Ona, cumhuriyetin ilanından sonra Ödemiş’e yargıç olarak atanan büyük büyükbabasının kızına, yani babaannesine kentin soylu ailelerinin birinden bir sütanne arandığını ve sonunda Çakıcı Efe’nin kızının bulunduğunu söylemiyorum. Ne de olsa kız çocuğu, damarlarında eşkıya kanının dolaştığını bilmemeli. Ödemiş doğumlu annemi, kentin ilk yargıcının üç kızından en küçüğünü Çakıcı’nın kızının emzirdiğini anlatırdı teyzelerim, ben onların yalancısıyım. Bu öyküyü Avignon tiyatro festivaline katılmak için yaptığımız bir tren yolculuğunda Yaşar Kemal’e anlatmış, İnce Memed gibi eşkıya takımıyla fazla düşüp kalkmamasını, asıl benim damarlarımda eşkıya kanı dolaştığını söylemiştim de makaraları koyuvermiştik. Günü geldiğinde, üzerine gölge düşmeyen dostluğumuzun anısına, Yaşar Kemal’in romanlarını da vereceğim Dilay’a. Belki o zaman bu öyküyü de anlatırım, şimdi sırası değil.
Derken “sarı”ya geliyor sıra. “Sarı” der demez yaprak dökümü de başlıyor. Kavaklarda değil yalnızca, hayatımda da. Koskoca aileden bir ben sağ kaldım, bir de ağabeyim. Eşkıya dahi olsan kurtuluş yok ölümden. Yine de sonbaharda sarının tonları tüm renklerden daha güzel. “Kırmızı”, “sarı”, “kestane” derken gökkuşağının renklerini tamamlıyoruz Dilay’la. Kavuniçiyle vişneçürüğüne hiç bulaşmadan. Yumuşacık bir yağmur yağmaya başlıyor dışarda. Cama vuran her damlada bizi bırakıp gidenleri, gidip de dönmeyenleri anımsıyorum. Neyse ki önce güneş sökün ediyor, ardından gökkuşağı.

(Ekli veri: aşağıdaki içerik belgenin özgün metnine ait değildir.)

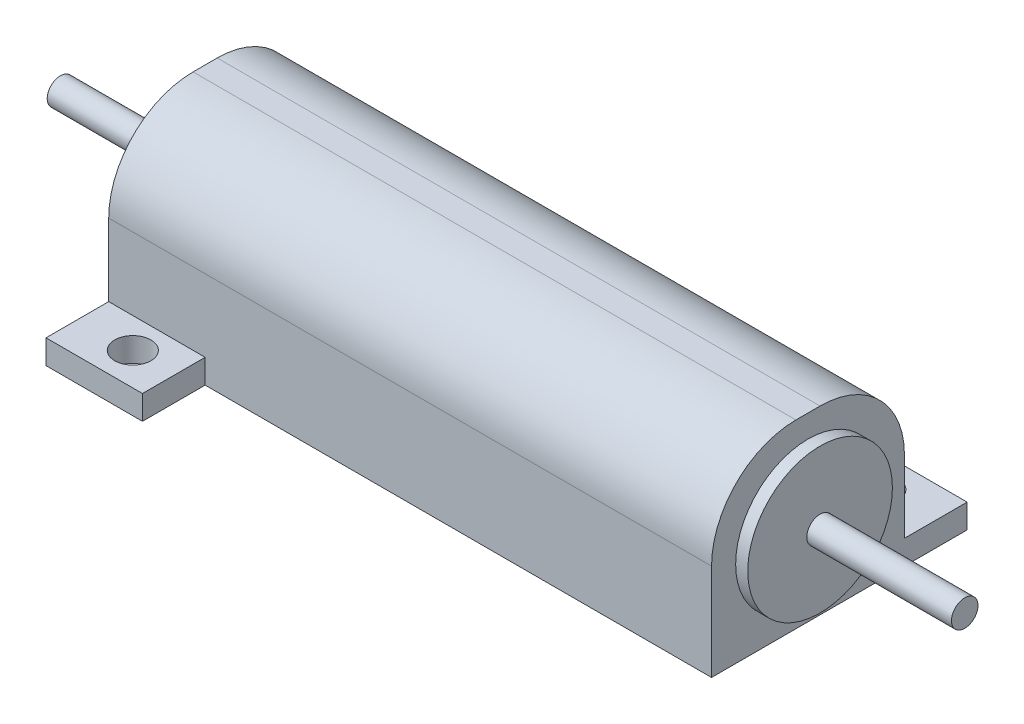
ISO-10303-21;
HEADER;
FILE_DESCRIPTION(('STEP AP214'),'2;1');
FILE_NAME('part.step','',(''),(''),'','','');
FILE_SCHEMA(('AUTOMOTIVE_DESIGN { 1 0 10303 214 1 1 1 1 }'));
ENDSEC;
DATA;
#1=APPLICATION_CONTEXT('core data for automotive mechanical design processes');
#2=APPLICATION_PROTOCOL_DEFINITION('international standard','automotive_design',2000,#1);
#3=PRODUCT_CONTEXT('',#1,'mechanical');
#4=PRODUCT('Part','Part','',(#3));
#5=PRODUCT_RELATED_PRODUCT_CATEGORY('part','',(#4));
#6=PRODUCT_DEFINITION_FORMATION('','',#4);
#7=PRODUCT_DEFINITION_CONTEXT('part definition',#1,'design');
#8=PRODUCT_DEFINITION('design','',#6,#7);
#9=PRODUCT_DEFINITION_SHAPE('','',#8);
#10=(LENGTH_UNIT() NAMED_UNIT(*) SI_UNIT(.MILLI.,.METRE.));
#11=(NAMED_UNIT(*) PLANE_ANGLE_UNIT() SI_UNIT($,.RADIAN.));
#12=(NAMED_UNIT(*) SI_UNIT($,.STERADIAN.) SOLID_ANGLE_UNIT());
#13=UNCERTAINTY_MEASURE_WITH_UNIT(LENGTH_MEASURE(1.E-05),#10,'distance_accuracy_value','');
#14=(GEOMETRIC_REPRESENTATION_CONTEXT(3) GLOBAL_UNCERTAINTY_ASSIGNED_CONTEXT((#13)) GLOBAL_UNIT_ASSIGNED_CONTEXT((#10,
#11,#12)) REPRESENTATION_CONTEXT('',''));
#15=CARTESIAN_POINT('',(0.,0.,0.));
#16=DIRECTION('',(0.,0.,1.));
#17=DIRECTION('',(1.,0.,0.));
#18=AXIS2_PLACEMENT_3D('',#15,#16,#17);
#19=CARTESIAN_POINT('',(0.,15.,0.));
#20=DIRECTION('',(1.,0.,0.));
#21=DIRECTION('',(0.,0.,-1.));
#22=AXIS2_PLACEMENT_3D('',#19,#20,#21);
#23=PLANE('',#22);
#24=CARTESIAN_POINT('',(0.,7.12816694311815,8.));
#25=DIRECTION('',(1.,0.,0.));
#26=DIRECTION('',(0.,0.,-1.));
#27=AXIS2_PLACEMENT_3D('',#24,#25,#26);
#28=CIRCLE('',#27,6.);
#29=CARTESIAN_POINT('',(0.,7.12816694311815,2.));
#30=VERTEX_POINT('',#29);
#31=EDGE_CURVE('E155',#30,#30,#28,.T.);
#32=ORIENTED_EDGE('',*,*,#31,.T.);
#33=EDGE_LOOP('',(#32));
#34=FACE_BOUND('',#33,.T.);
#35=DIRECTION('',(0.,-1.,0.));
#36=VECTOR('',#35,1.);
#37=CARTESIAN_POINT('',(0.,15.,16.));
#38=LINE('',#37,#36);
#39=CARTESIAN_POINT('',(0.,8.,16.));
#40=VERTEX_POINT('',#39);
#41=CARTESIAN_POINT('',(0.,2.,16.));
#42=VERTEX_POINT('',#41);
#43=EDGE_CURVE('E231',#40,#42,#38,.T.);
#44=ORIENTED_EDGE('',*,*,#43,.F.);
#45=CARTESIAN_POINT('',(0.,8.,9.));
#46=DIRECTION('',(1.,0.,0.));
#47=DIRECTION('',(0.,0.,-1.));
#48=AXIS2_PLACEMENT_3D('',#45,#46,#47);
#49=CIRCLE('',#48,7.);
#50=CARTESIAN_POINT('',(0.,15.,9.));
#51=VERTEX_POINT('',#50);
#52=EDGE_CURVE('E245',#40,#51,#49,.F.);
#53=ORIENTED_EDGE('',*,*,#52,.T.);
#54=DIRECTION('',(0.,0.,1.));
#55=VECTOR('',#54,1.);
#56=CARTESIAN_POINT('',(0.,15.,0.));
#57=LINE('',#56,#55);
#58=CARTESIAN_POINT('',(0.,15.,7.));
#59=VERTEX_POINT('',#58);
#60=EDGE_CURVE('E216',#59,#51,#57,.T.);
#61=ORIENTED_EDGE('',*,*,#60,.F.);
#62=CARTESIAN_POINT('',(0.,8.,7.));
#63=DIRECTION('',(1.,0.,0.));
#64=DIRECTION('',(0.,0.,-1.));
#65=AXIS2_PLACEMENT_3D('',#62,#63,#64);
#66=CIRCLE('',#65,7.);
#67=CARTESIAN_POINT('',(0.,8.,0.));
#68=VERTEX_POINT('',#67);
#69=EDGE_CURVE('E58',#59,#68,#66,.F.);
#70=ORIENTED_EDGE('',*,*,#69,.T.);
#71=DIRECTION('',(0.,-1.,0.));
#72=VECTOR('',#71,1.);
#73=CARTESIAN_POINT('',(0.,15.,0.));
#74=LINE('',#73,#72);
#75=CARTESIAN_POINT('',(0.,0.,0.));
#76=VERTEX_POINT('',#75);
#77=EDGE_CURVE('E222',#68,#76,#74,.T.);
#78=ORIENTED_EDGE('',*,*,#77,.T.);
#79=DIRECTION('',(0.,0.,1.));
#80=VECTOR('',#79,1.);
#81=CARTESIAN_POINT('',(0.,0.,0.));
#82=LINE('',#81,#80);
#83=CARTESIAN_POINT('',(0.,0.,21.2));
#84=VERTEX_POINT('',#83);
#85=EDGE_CURVE('E211',#76,#84,#82,.T.);
#86=ORIENTED_EDGE('',*,*,#85,.T.);
#87=DIRECTION('',(0.,-1.,0.));
#88=VECTOR('',#87,1.);
#89=CARTESIAN_POINT('',(0.,2.,21.2));
#90=LINE('',#89,#88);
#91=CARTESIAN_POINT('',(0.,2.,21.2));
#92=VERTEX_POINT('',#91);
#93=EDGE_CURVE('E208',#92,#84,#90,.T.);
#94=ORIENTED_EDGE('',*,*,#93,.F.);
#95=DIRECTION('',(0.,0.,-1.));
#96=VECTOR('',#95,1.);
#97=CARTESIAN_POINT('',(0.,2.,16.));
#98=LINE('',#97,#96);
#99=EDGE_CURVE('E190',#92,#42,#98,.T.);
#100=ORIENTED_EDGE('',*,*,#99,.T.);
#101=EDGE_LOOP('',(#44,#53,#61,#70,#78,#86,#94,#100));
#102=FACE_BOUND('',#101,.T.);
#103=ADVANCED_FACE('F41',(#34,#102),#23,.F.);
#104=CARTESIAN_POINT('',(0.,15.,16.));
#105=DIRECTION('',(0.,0.,-1.));
#106=DIRECTION('',(-1.,0.,0.));
#107=AXIS2_PLACEMENT_3D('',#104,#105,#106);
#108=PLANE('',#107);
#109=DIRECTION('',(0.,-1.,0.));
#110=VECTOR('',#109,1.);
#111=CARTESIAN_POINT('',(50.,15.,16.));
#112=LINE('',#111,#110);
#113=CARTESIAN_POINT('',(50.,8.,16.));
#114=VERTEX_POINT('',#113);
#115=CARTESIAN_POINT('',(50.,0.,16.));
#116=VERTEX_POINT('',#115);
#117=EDGE_CURVE('E139',#114,#116,#112,.T.);
#118=ORIENTED_EDGE('',*,*,#117,.F.);
#119=DIRECTION('',(1.,0.,0.));
#120=VECTOR('',#119,1.);
#121=CARTESIAN_POINT('',(0.,8.,16.));
#122=LINE('',#121,#120);
#123=EDGE_CURVE('E66',#114,#40,#122,.F.);
#124=ORIENTED_EDGE('',*,*,#123,.T.);
#125=ORIENTED_EDGE('',*,*,#43,.T.);
#126=DIRECTION('',(1.,0.,0.));
#127=VECTOR('',#126,1.);
#128=CARTESIAN_POINT('',(0.,2.,16.));
#129=LINE('',#128,#127);
#130=CARTESIAN_POINT('',(8.,2.,16.));
#131=VERTEX_POINT('',#130);
#132=EDGE_CURVE('E193',#42,#131,#129,.T.);
#133=ORIENTED_EDGE('',*,*,#132,.T.);
#134=DIRECTION('',(0.,-1.,0.));
#135=VECTOR('',#134,1.);
#136=CARTESIAN_POINT('',(8.,2.,16.));
#137=LINE('',#136,#135);
#138=CARTESIAN_POINT('',(8.,0.,16.));
#139=VERTEX_POINT('',#138);
#140=EDGE_CURVE('E203',#131,#139,#137,.T.);
#141=ORIENTED_EDGE('',*,*,#140,.T.);
#142=DIRECTION('',(1.,0.,0.));
#143=VECTOR('',#142,1.);
#144=CARTESIAN_POINT('',(0.,0.,16.));
#145=LINE('',#144,#143);
#146=EDGE_CURVE('E145',#139,#116,#145,.T.);
#147=ORIENTED_EDGE('',*,*,#146,.T.);
#148=EDGE_LOOP('',(#118,#124,#125,#133,#141,#147));
#149=FACE_BOUND('',#148,.T.);
#150=ADVANCED_FACE('F281',(#149),#108,.F.);
#151=CARTESIAN_POINT('',(50.,15.,0.));
#152=DIRECTION('',(-1.,0.,0.));
#153=DIRECTION('',(0.,0.,1.));
#154=AXIS2_PLACEMENT_3D('',#151,#152,#153);
#155=PLANE('',#154);
#156=CARTESIAN_POINT('',(50.,7.12816694311815,8.));
#157=DIRECTION('',(-1.,0.,0.));
#158=DIRECTION('',(0.,0.,1.));
#159=AXIS2_PLACEMENT_3D('',#156,#157,#158);
#160=CIRCLE('',#159,6.);
#161=CARTESIAN_POINT('',(50.,7.12816694311815,14.));
#162=VERTEX_POINT('',#161);
#163=EDGE_CURVE('E247',#162,#162,#160,.T.);
#164=ORIENTED_EDGE('',*,*,#163,.T.);
#165=EDGE_LOOP('',(#164));
#166=FACE_BOUND('',#165,.T.);
#167=DIRECTION('',(0.,0.,-1.));
#168=VECTOR('',#167,1.);
#169=CARTESIAN_POINT('',(50.,15.,0.));
#170=LINE('',#169,#168);
#171=CARTESIAN_POINT('',(50.,15.,9.));
#172=VERTEX_POINT('',#171);
#173=CARTESIAN_POINT('',(50.,15.,7.));
#174=VERTEX_POINT('',#173);
#175=EDGE_CURVE('E219',#172,#174,#170,.T.);
#176=ORIENTED_EDGE('',*,*,#175,.F.);
#177=CARTESIAN_POINT('',(50.,8.,9.));
#178=DIRECTION('',(-1.,0.,0.));
#179=DIRECTION('',(0.,0.,1.));
#180=AXIS2_PLACEMENT_3D('',#177,#178,#179);
#181=CIRCLE('',#180,7.);
#182=EDGE_CURVE('E241',#172,#114,#181,.F.);
#183=ORIENTED_EDGE('',*,*,#182,.T.);
#184=ORIENTED_EDGE('',*,*,#117,.T.);
#185=DIRECTION('',(0.,0.,-1.));
#186=VECTOR('',#185,1.);
#187=CARTESIAN_POINT('',(50.,0.,0.));
#188=LINE('',#187,#186);
#189=CARTESIAN_POINT('',(50.,0.,-5.2));
#190=VERTEX_POINT('',#189);
#191=EDGE_CURVE('E132',#116,#190,#188,.T.);
#192=ORIENTED_EDGE('',*,*,#191,.T.);
#193=DIRECTION('',(0.,-1.,0.));
#194=VECTOR('',#193,1.);
#195=CARTESIAN_POINT('',(50.,2.,-5.2));
#196=LINE('',#195,#194);
#197=CARTESIAN_POINT('',(50.,2.,-5.2));
#198=VERTEX_POINT('',#197);
#199=EDGE_CURVE('E137',#198,#190,#196,.T.);
#200=ORIENTED_EDGE('',*,*,#199,.F.);
#201=DIRECTION('',(0.,0.,1.));
#202=VECTOR('',#201,1.);
#203=CARTESIAN_POINT('',(50.,2.,0.));
#204=LINE('',#203,#202);
#205=CARTESIAN_POINT('',(50.,2.,0.));
#206=VERTEX_POINT('',#205);
#207=EDGE_CURVE('E163',#198,#206,#204,.T.);
#208=ORIENTED_EDGE('',*,*,#207,.T.);
#209=DIRECTION('',(0.,-1.,0.));
#210=VECTOR('',#209,1.);
#211=CARTESIAN_POINT('',(50.,15.,0.));
#212=LINE('',#211,#210);
#213=CARTESIAN_POINT('',(50.,8.,0.));
#214=VERTEX_POINT('',#213);
#215=EDGE_CURVE('E228',#214,#206,#212,.T.);
#216=ORIENTED_EDGE('',*,*,#215,.F.);
#217=CARTESIAN_POINT('',(50.,8.,7.));
#218=DIRECTION('',(-1.,0.,0.));
#219=DIRECTION('',(0.,0.,1.));
#220=AXIS2_PLACEMENT_3D('',#217,#218,#219);
#221=CIRCLE('',#220,7.);
#222=EDGE_CURVE('E239',#214,#174,#221,.F.);
#223=ORIENTED_EDGE('',*,*,#222,.T.);
#224=EDGE_LOOP('',(#176,#183,#184,#192,#200,#208,#216,#223));
#225=FACE_BOUND('',#224,.T.);
#226=ADVANCED_FACE('F135',(#166,#225),#155,.F.);
#227=CARTESIAN_POINT('',(0.,15.,0.));
#228=DIRECTION('',(0.,0.,1.));
#229=DIRECTION('',(1.,0.,0.));
#230=AXIS2_PLACEMENT_3D('',#227,#228,#229);
#231=PLANE('',#230);
#232=ORIENTED_EDGE('',*,*,#77,.F.);
#233=DIRECTION('',(-1.,0.,0.));
#234=VECTOR('',#233,1.);
#235=CARTESIAN_POINT('',(50.,8.,0.));
#236=LINE('',#235,#234);
#237=EDGE_CURVE('E50',#68,#214,#236,.F.);
#238=ORIENTED_EDGE('',*,*,#237,.T.);
#239=ORIENTED_EDGE('',*,*,#215,.T.);
#240=DIRECTION('',(-1.,0.,0.));
#241=VECTOR('',#240,1.);
#242=CARTESIAN_POINT('',(50.,2.,0.));
#243=LINE('',#242,#241);
#244=CARTESIAN_POINT('',(42.,2.,0.));
#245=VERTEX_POINT('',#244);
#246=EDGE_CURVE('E167',#206,#245,#243,.T.);
#247=ORIENTED_EDGE('',*,*,#246,.T.);
#248=DIRECTION('',(0.,-1.,0.));
#249=VECTOR('',#248,1.);
#250=CARTESIAN_POINT('',(42.,2.,0.));
#251=LINE('',#250,#249);
#252=CARTESIAN_POINT('',(42.,0.,0.));
#253=VERTEX_POINT('',#252);
#254=EDGE_CURVE('E173',#245,#253,#251,.T.);
#255=ORIENTED_EDGE('',*,*,#254,.T.);
#256=DIRECTION('',(-1.,0.,0.));
#257=VECTOR('',#256,1.);
#258=CARTESIAN_POINT('',(0.,0.,0.));
#259=LINE('',#258,#257);
#260=EDGE_CURVE('E144',#253,#76,#259,.T.);
#261=ORIENTED_EDGE('',*,*,#260,.T.);
#262=EDGE_LOOP('',(#232,#238,#239,#247,#255,#261));
#263=FACE_BOUND('',#262,.T.);
#264=ADVANCED_FACE('F345',(#263),#231,.F.);
#265=CARTESIAN_POINT('',(0.,15.,0.));
#266=DIRECTION('',(0.,1.,0.));
#267=DIRECTION('',(0.,0.,1.));
#268=AXIS2_PLACEMENT_3D('',#265,#266,#267);
#269=PLANE('',#268);
#270=ORIENTED_EDGE('',*,*,#60,.T.);
#271=DIRECTION('',(1.,0.,0.));
#272=VECTOR('',#271,1.);
#273=CARTESIAN_POINT('',(50.,15.,9.));
#274=LINE('',#273,#272);
#275=EDGE_CURVE('E236',#51,#172,#274,.T.);
#276=ORIENTED_EDGE('',*,*,#275,.T.);
#277=ORIENTED_EDGE('',*,*,#175,.T.);
#278=DIRECTION('',(-1.,0.,0.));
#279=VECTOR('',#278,1.);
#280=CARTESIAN_POINT('',(0.,15.,7.));
#281=LINE('',#280,#279);
#282=EDGE_CURVE('E233',#174,#59,#281,.T.);
#283=ORIENTED_EDGE('',*,*,#282,.T.);
#284=EDGE_LOOP('',(#270,#276,#277,#283));
#285=FACE_BOUND('',#284,.T.);
#286=ADVANCED_FACE('F276',(#285),#269,.T.);
#287=CARTESIAN_POINT('',(0.,0.,0.));
#288=DIRECTION('',(0.,1.,0.));
#289=DIRECTION('',(0.,0.,1.));
#290=AXIS2_PLACEMENT_3D('',#287,#288,#289);
#291=PLANE('',#290);
#292=ORIENTED_EDGE('',*,*,#85,.F.);
#293=ORIENTED_EDGE('',*,*,#260,.F.);
#294=DIRECTION('',(0.,0.,-1.));
#295=VECTOR('',#294,1.);
#296=CARTESIAN_POINT('',(42.,0.,0.));
#297=LINE('',#296,#295);
#298=CARTESIAN_POINT('',(42.,0.,-5.2));
#299=VERTEX_POINT('',#298);
#300=EDGE_CURVE('E162',#253,#299,#297,.T.);
#301=ORIENTED_EDGE('',*,*,#300,.T.);
#302=DIRECTION('',(1.,0.,0.));
#303=VECTOR('',#302,1.);
#304=CARTESIAN_POINT('',(50.,0.,-5.2));
#305=LINE('',#304,#303);
#306=EDGE_CURVE('E151',#299,#190,#305,.T.);
#307=ORIENTED_EDGE('',*,*,#306,.T.);
#308=ORIENTED_EDGE('',*,*,#191,.F.);
#309=ORIENTED_EDGE('',*,*,#146,.F.);
#310=DIRECTION('',(0.,0.,1.));
#311=VECTOR('',#310,1.);
#312=CARTESIAN_POINT('',(8.,0.,16.));
#313=LINE('',#312,#311);
#314=CARTESIAN_POINT('',(8.,0.,21.2));
#315=VERTEX_POINT('',#314);
#316=EDGE_CURVE('E187',#139,#315,#313,.T.);
#317=ORIENTED_EDGE('',*,*,#316,.T.);
#318=DIRECTION('',(-1.,0.,0.));
#319=VECTOR('',#318,1.);
#320=CARTESIAN_POINT('',(0.,0.,21.2));
#321=LINE('',#320,#319);
#322=EDGE_CURVE('E194',#315,#84,#321,.T.);
#323=ORIENTED_EDGE('',*,*,#322,.T.);
#324=EDGE_LOOP('',(#292,#293,#301,#307,#308,#309,#317,#323));
#325=FACE_BOUND('',#324,.T.);
#326=CARTESIAN_POINT('',(4.5,0.,18.5));
#327=DIRECTION('',(0.,-1.,0.));
#328=DIRECTION('',(0.,0.,-1.));
#329=AXIS2_PLACEMENT_3D('',#326,#327,#328);
#330=CIRCLE('',#329,1.5);
#331=CARTESIAN_POINT('',(4.5,0.,17.));
#332=VERTEX_POINT('',#331);
#333=EDGE_CURVE('E181',#332,#332,#330,.T.);
#334=ORIENTED_EDGE('',*,*,#333,.F.);
#335=EDGE_LOOP('',(#334));
#336=FACE_BOUND('',#335,.T.);
#337=CARTESIAN_POINT('',(45.5,0.,-2.5));
#338=DIRECTION('',(0.,-1.,0.));
#339=DIRECTION('',(0.,0.,-1.));
#340=AXIS2_PLACEMENT_3D('',#337,#338,#339);
#341=CIRCLE('',#340,1.5);
#342=CARTESIAN_POINT('',(45.5,0.,-4.));
#343=VERTEX_POINT('',#342);
#344=EDGE_CURVE('E178',#343,#343,#341,.T.);
#345=ORIENTED_EDGE('',*,*,#344,.F.);
#346=EDGE_LOOP('',(#345));
#347=FACE_BOUND('',#346,.T.);
#348=ADVANCED_FACE('F159',(#325,#336,#347),#291,.F.);
#349=CARTESIAN_POINT('',(0.,2.,21.2));
#350=DIRECTION('',(0.,0.,1.));
#351=DIRECTION('',(1.,0.,0.));
#352=AXIS2_PLACEMENT_3D('',#349,#350,#351);
#353=PLANE('',#352);
#354=ORIENTED_EDGE('',*,*,#322,.F.);
#355=DIRECTION('',(0.,-1.,0.));
#356=VECTOR('',#355,1.);
#357=CARTESIAN_POINT('',(8.,2.,21.2));
#358=LINE('',#357,#356);
#359=CARTESIAN_POINT('',(8.,2.,21.2));
#360=VERTEX_POINT('',#359);
#361=EDGE_CURVE('E212',#360,#315,#358,.T.);
#362=ORIENTED_EDGE('',*,*,#361,.F.);
#363=DIRECTION('',(-1.,0.,0.));
#364=VECTOR('',#363,1.);
#365=CARTESIAN_POINT('',(0.,2.,21.2));
#366=LINE('',#365,#364);
#367=EDGE_CURVE('E200',#360,#92,#366,.T.);
#368=ORIENTED_EDGE('',*,*,#367,.T.);
#369=ORIENTED_EDGE('',*,*,#93,.T.);
#370=EDGE_LOOP('',(#354,#362,#368,#369));
#371=FACE_BOUND('',#370,.T.);
#372=ADVANCED_FACE('F285',(#371),#353,.T.);
#373=CARTESIAN_POINT('',(8.,2.,16.));
#374=DIRECTION('',(1.,0.,0.));
#375=DIRECTION('',(0.,0.,-1.));
#376=AXIS2_PLACEMENT_3D('',#373,#374,#375);
#377=PLANE('',#376);
#378=ORIENTED_EDGE('',*,*,#316,.F.);
#379=ORIENTED_EDGE('',*,*,#140,.F.);
#380=DIRECTION('',(0.,0.,1.));
#381=VECTOR('',#380,1.);
#382=CARTESIAN_POINT('',(8.,2.,16.));
#383=LINE('',#382,#381);
#384=EDGE_CURVE('E197',#131,#360,#383,.T.);
#385=ORIENTED_EDGE('',*,*,#384,.T.);
#386=ORIENTED_EDGE('',*,*,#361,.T.);
#387=EDGE_LOOP('',(#378,#379,#385,#386));
#388=FACE_BOUND('',#387,.T.);
#389=ADVANCED_FACE('F292',(#388),#377,.T.);
#390=CARTESIAN_POINT('',(0.,2.,0.));
#391=DIRECTION('',(0.,1.,0.));
#392=DIRECTION('',(0.,0.,1.));
#393=AXIS2_PLACEMENT_3D('',#390,#391,#392);
#394=PLANE('',#393);
#395=CARTESIAN_POINT('',(4.5,2.,18.5));
#396=DIRECTION('',(0.,-1.,0.));
#397=DIRECTION('',(0.,0.,-1.));
#398=AXIS2_PLACEMENT_3D('',#395,#396,#397);
#399=CIRCLE('',#398,1.5);
#400=CARTESIAN_POINT('',(4.5,2.,17.));
#401=VERTEX_POINT('',#400);
#402=EDGE_CURVE('E184',#401,#401,#399,.T.);
#403=ORIENTED_EDGE('',*,*,#402,.T.);
#404=EDGE_LOOP('',(#403));
#405=FACE_BOUND('',#404,.T.);
#406=ORIENTED_EDGE('',*,*,#99,.F.);
#407=ORIENTED_EDGE('',*,*,#367,.F.);
#408=ORIENTED_EDGE('',*,*,#384,.F.);
#409=ORIENTED_EDGE('',*,*,#132,.F.);
#410=EDGE_LOOP('',(#406,#407,#408,#409));
#411=FACE_BOUND('',#410,.T.);
#412=ADVANCED_FACE('F290',(#405,#411),#394,.T.);
#413=CARTESIAN_POINT('',(4.5,2.,18.5));
#414=DIRECTION('',(0.,-1.,0.));
#415=DIRECTION('',(0.,0.,-1.));
#416=AXIS2_PLACEMENT_3D('',#413,#414,#415);
#417=CYLINDRICAL_SURFACE('',#416,1.5);
#418=ORIENTED_EDGE('',*,*,#402,.F.);
#419=EDGE_LOOP('',(#418));
#420=FACE_BOUND('',#419,.T.);
#421=ORIENTED_EDGE('',*,*,#333,.T.);
#422=EDGE_LOOP('',(#421));
#423=FACE_BOUND('',#422,.T.);
#424=ADVANCED_FACE('F299',(#420,#423),#417,.F.);
#425=CARTESIAN_POINT('',(50.,2.,-5.2));
#426=DIRECTION('',(0.,0.,-1.));
#427=DIRECTION('',(-1.,0.,0.));
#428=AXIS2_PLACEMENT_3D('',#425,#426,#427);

“Sakın ha altından geçme!”
“Neden?”
“Erkek olursun sonra.”
Dilay’ın yaşındayken bir taşra kasabasının kuytu mahallesinde oynadığımız oyunlar düşüyor aklıma. Sağanak ansızın indirir, dam saçak demeden sokaklardan çıkarırdı öfkesini. Dindiğinde çamura bata çıka gökkuşağının peşine düşerdik. Altından geçip kız olmak istemezdik ama. Aramıza kızları da almazdık. Onların da gökkuşağının altından geçerlerse erkek olacaklarını bildiğimizden, bizimle oynamalarını istemezdik. Adları ya Ayşe ya Zeynep ya da Hatice’ydi. Peygamber efendimizin eşlerinin adları. Benim kızımın adı biliyorsunuz Dilay. Ama Gönül de olabilirdi, Özlem de. Öykü de. Her iki ad da doğrusu yakışırdı kızıma. Daha bu yaşta tattı özlemi, öyküsüyse, hayat hikâyesi, yeni başlıyor. Son kez “kara”nın üzerinde duruyor işaretparmağım. “Kara” diyorum, “bak kapkara!” Pembeye götürüyor parmağımı. “Bak” diyor, “kappembe!” Hayatımızın rengini buldu sonunda. Hayatımız bundan böyle “kappembe” olacak demektir. (Sayfa 57-60)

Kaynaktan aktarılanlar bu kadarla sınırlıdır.